Start of Block

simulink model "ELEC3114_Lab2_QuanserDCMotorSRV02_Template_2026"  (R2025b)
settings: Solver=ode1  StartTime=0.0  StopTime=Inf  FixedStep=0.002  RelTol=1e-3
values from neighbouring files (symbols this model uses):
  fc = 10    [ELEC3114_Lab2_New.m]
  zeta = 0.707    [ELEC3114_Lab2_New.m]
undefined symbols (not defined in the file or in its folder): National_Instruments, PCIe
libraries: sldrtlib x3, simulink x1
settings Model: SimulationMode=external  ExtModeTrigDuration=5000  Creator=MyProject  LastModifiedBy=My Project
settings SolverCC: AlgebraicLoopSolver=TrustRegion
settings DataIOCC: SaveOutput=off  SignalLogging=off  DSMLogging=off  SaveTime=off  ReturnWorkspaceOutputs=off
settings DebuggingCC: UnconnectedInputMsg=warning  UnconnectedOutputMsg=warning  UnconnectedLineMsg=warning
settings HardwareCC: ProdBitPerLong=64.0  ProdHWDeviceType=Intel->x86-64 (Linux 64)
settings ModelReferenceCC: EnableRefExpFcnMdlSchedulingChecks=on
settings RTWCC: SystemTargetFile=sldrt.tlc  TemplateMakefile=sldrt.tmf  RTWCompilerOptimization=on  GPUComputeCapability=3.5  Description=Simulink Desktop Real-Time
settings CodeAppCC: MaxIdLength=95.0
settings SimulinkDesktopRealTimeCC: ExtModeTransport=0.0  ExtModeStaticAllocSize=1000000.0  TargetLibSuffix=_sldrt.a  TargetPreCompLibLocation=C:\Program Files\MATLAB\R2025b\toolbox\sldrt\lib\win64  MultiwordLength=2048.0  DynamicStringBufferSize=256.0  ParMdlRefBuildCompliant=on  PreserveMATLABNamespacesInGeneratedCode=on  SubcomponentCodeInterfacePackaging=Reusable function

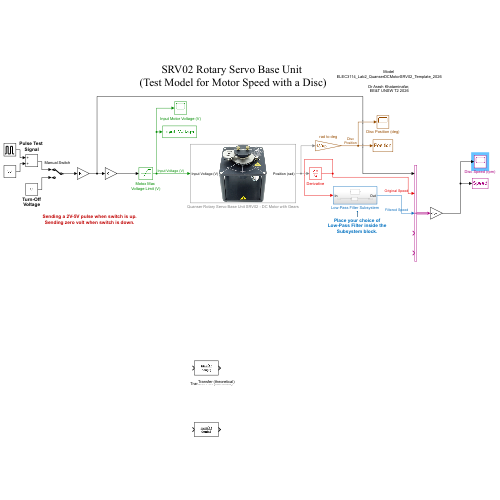
[thumbnail: Simulink's stored preview of the top-level diagram]
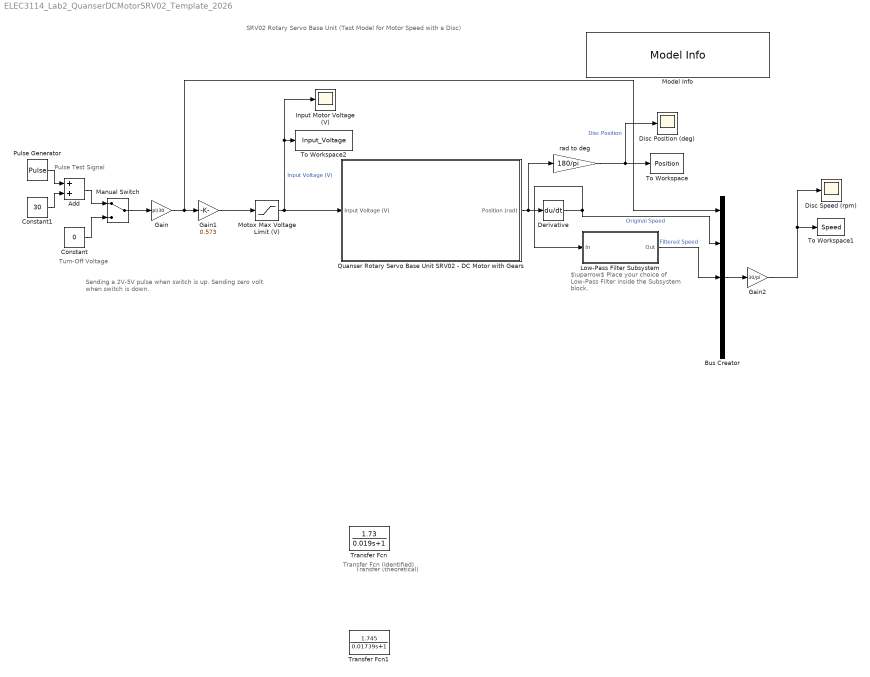
== system ELEC3114_Lab2_QuanserDCMotorSRV02_Template_2026 ==
  note: Transfer (theoretical)
  note: Transfer Fcn (Identified)
  note: SRV02 Rotary Servo Base Unit
      | (Test Model for Motor Speed with a Disc)
  note: Sending a 2V-5V pulse when switch is up.
      | Sending zero volt when switch is down.
  note: Pulse Test
      | Signal
  note: Turn-Off
      | Voltage
  note: $\uparrow$
      | Place your choice of
      | Low-Pass Filter inside the Subsystem block.
  Add : Sum
  Bus Creator : BusCreator  Inputs=5
  Constant : Constant  Value=0
  Constant1 : Constant  Value=30
  Derivative : Derivative
  Disc Position (deg) : Scope
      settings: ActiveDisplayYMinimum=708.55112441031577  ActiveDisplayYMaximum=725.37633701535185  YLabel=Position (deg)  DataLoggingVariableName=ScopeData3  DataLoggingSaveFormat=Array
  Disc Speed (rpm) : Scope
      settings: Title=Disc Speed/Velocity  ActiveDisplayYMinimum=-7.4999999999999982  ActiveDisplayYMaximum=67.5  YLabel=Speed (rad/s)
  Gain : Gain  Gain=pi/30
  Gain1 : Gain  Gain=0.573
  Gain2 : Gain  Gain=30/pi
  Input Motor Voltage (V) : Scope
      settings: Title=Input Motor Voltage  ActiveDisplayYMinimum=0  ActiveDisplayYMaximum=6  YLabel=Voltage (V)  DataLoggingVariableName=ScopeData4
  Low-Pass Filter Subsystem : Subsystem
  Manual Switch : ManualSwitch
  Model Info : simulink/Model-Wide Utilities/Model Info  Frame=off  DisplayStringWithTags=|  HorizontalTextAlignment=Center  LeftAlignmentValue=0.5
      | Model 
      | %<ModelName>
      | 
      | Dr Arash Khataminafar, 
      | EE&T UNSW T2 2026
  Motox Max Voltage Limit (V) : Saturate  UpperLimit=8  LowerLimit=-8
  Pulse Generator : DiscretePulseGenerator  PulseType=Time based  Amplitude=30  PulseWidth=50  PhaseDelay=1
  Quanser Rotary Servo Base Unit SRV02 - DC Motor with Gears : Subsystem
      mask Display: image('Quanser Rotary Base Unit SRV02.png', [0,0,0,0,60,100]);
  To Workspace : ToWorkspace  VariableName=Position  SaveFormat=Structure With Time  SampleTime=0.002
  To Workspace1 : ToWorkspace  VariableName=Speed  SaveFormat=Structure With Time  SampleTime=0.002
  To Workspace2 : ToWorkspace  VariableName=Input_Voltage  SaveFormat=Structure With Time  SampleTime=0.002
  Transfer Fcn : TransferFcn  Numerator=[1.73]  Denominator=[0.019 1]
  Transfer Fcn1 : TransferFcn  Numerator=[1.745]  Denominator=[0.01739 1]
  rad to deg : Gain  Gain=180/pi
  wires:
  rad to deg/1 -> To Workspace/1, Disc Position (deg)/1  "Disc Position"
  Constant/1 -> Manual Switch/2
  Manual Switch/1 -> Gain/1
  Low-Pass Filter Subsystem/1(Out) -> Bus Creator/3  "Filtered Speed"
  Derivative/1 -> Low-Pass Filter Subsystem/1(In), Bus Creator/2  "Original Speed"
  Bus Creator/1 -> Gain2/1
  Pulse Generator/1 -> Add/1
  Constant1/1 -> Add/2
  Add/1 -> Manual Switch/1
  Motox Max Voltage Limit (V)/1 -> Quanser Rotary Servo Base Unit SRV02 - DC Motor with Gears/1(Input Voltage (V)), Input Motor Voltage (V)/1, To Workspace2/1  "Input Voltage (V)"
  Quanser Rotary Servo Base Unit SRV02 - DC Motor with Gears/1(Position (rad)) -> rad to deg/1, Derivative/1
  Gain/1 -> Bus Creator/1, Gain1/1
  Gain1/1 -> Motox Max Voltage Limit (V)/1
  Gain2/1 -> Disc Speed (rpm)/1, To Workspace1/1

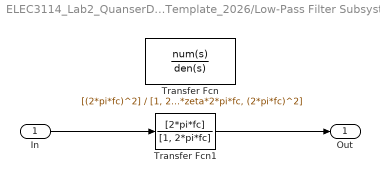
== system ELEC3114_Lab2_QuanserDCMotorSRV02_Template_2026/Low-Pass Filter Subsystem ==
  In : Inport
  Transfer Fcn : TransferFcn  Numerator=[(2*pi*fc)^2]  Denominator=[1, 2*zeta*2*pi*fc, (2*pi*fc)^2]
  Transfer Fcn1 : TransferFcn  Numerator=[2*pi*fc]  Denominator=[1, 2*pi*fc]
  Out : Outport
  wires:
  In/1 -> Transfer Fcn1/1
  Transfer Fcn1/1 -> Out/1

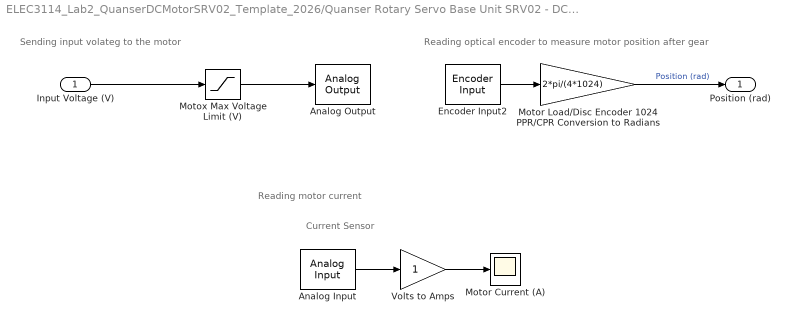
== system ELEC3114_Lab2_QuanserDCMotorSRV02_Template_2026/Quanser Rotary Servo Base Unit SRV02 - DC Motor with Gears ==
  note: Reading motor current
  note: Reading optical encoder to measure motor position after gear
  note: Sending input volateg to the motor
  note: Current
      | Sensor
  Input Voltage (V) : Inport
  Analog Input : sldrtlib/Analog Input  SampleTime=0.002  MaxMissedTicks=10  ShowMissedTicks=off  YieldWhenWaiting=off  DrvName=National_Instruments/PCIe-6351  DrvAddress=4294967295  DrvOptions=[1 0 0 2 2 2 2]  Channels=1  RangeMode=1  VoltRange=1  DataType=1
      settings: AttributesFormatString=National Instruments\nPCIe-6351 [auto]
  Analog Output : sldrtlib/Analog Output  SampleTime=0.002  MaxMissedTicks=10  ShowMissedTicks=off  YieldWhenWaiting=off  DrvName=National_Instruments/PCIe-6351  DrvAddress=4294967295  DrvOptions=[1 0 0 2 2 2 2]  Channels=1  RangeMode=1  VoltRange=1  InitialValue=0  FinalValue=0
      settings: AttributesFormatString=National Instruments\nPCIe-6351 [auto]
  Encoder Input2 : sldrtlib/Encoder Input  SampleTime=0.002  MaxMissedTicks=10  ShowMissedTicks=off  YieldWhenWaiting=off  DrvName=National_Instruments/PCIe-6351  DrvAddress=4294967295  DrvOptions=[1 0 0 2 2 2 2]  Channels=[1]  QuadMode=3  IndexPulse=2  InputFilter=Inf  DataType=1
      settings: AttributesFormatString=National Instruments\nPCIe-6351 [auto]
  Motor Current (A) : Scope
      settings: ActiveDisplayYMinimum=-1.9062414914262209  ActiveDisplayYMaximum=2.7285271128026514
  Motor Load/Disc Encoder 1024 PPR/CPR Conversion to Radians : Gain  Gain=2*pi/(4*1024)  SaturateOnIntegerOverflow=on  OutDataTypeStr=Inherit: Same as input  ParamDataTypeStr=Inherit: Same as input
  Motox Max Voltage Limit (V) : Saturate  UpperLimit=8  LowerLimit=-8
  Volts to Amps : Gain  OutDataTypeStr=Inherit: Same as input  ParamDataTypeStr=Inherit: Same as input
  Position (rad) : Outport
  wires:
  Encoder Input2/1 -> Motor Load/Disc Encoder 1024 PPR/CPR Conversion to Radians/1
  Motor Load/Disc Encoder 1024 PPR/CPR Conversion to Radians/1 -> Position (rad)/1  "Position (rad)"
  Volts to Amps/1 -> Motor Current (A)/1
  Analog Input/1 -> Volts to Amps/1
  Input Voltage (V)/1 -> Motox Max Voltage Limit (V)/1
  Motox Max Voltage Limit (V)/1 -> Analog Output/1

End of Block

* _PROBLEM_:
In the listing above, find the line containing "settings DataIOCC: SaveOutput=off" and the line containing "settings HardwareCC: ProdBitPerLong=64.0", then repeat those two lines and everything between them exactly.

* _RESULT OF THIS EXERCISE_:
settings DataIOCC: SaveOutput=off  SignalLogging=off  DSMLogging=off  SaveTime=off  ReturnWorkspaceOutputs=off
settings DebuggingCC: UnconnectedInputMsg=warning  UnconnectedOutputMsg=warning  UnconnectedLineMsg=warning
settings HardwareCC: ProdBitPerLong=64.0  ProdHWDeviceType=Intel->x86-64 (Linux 64)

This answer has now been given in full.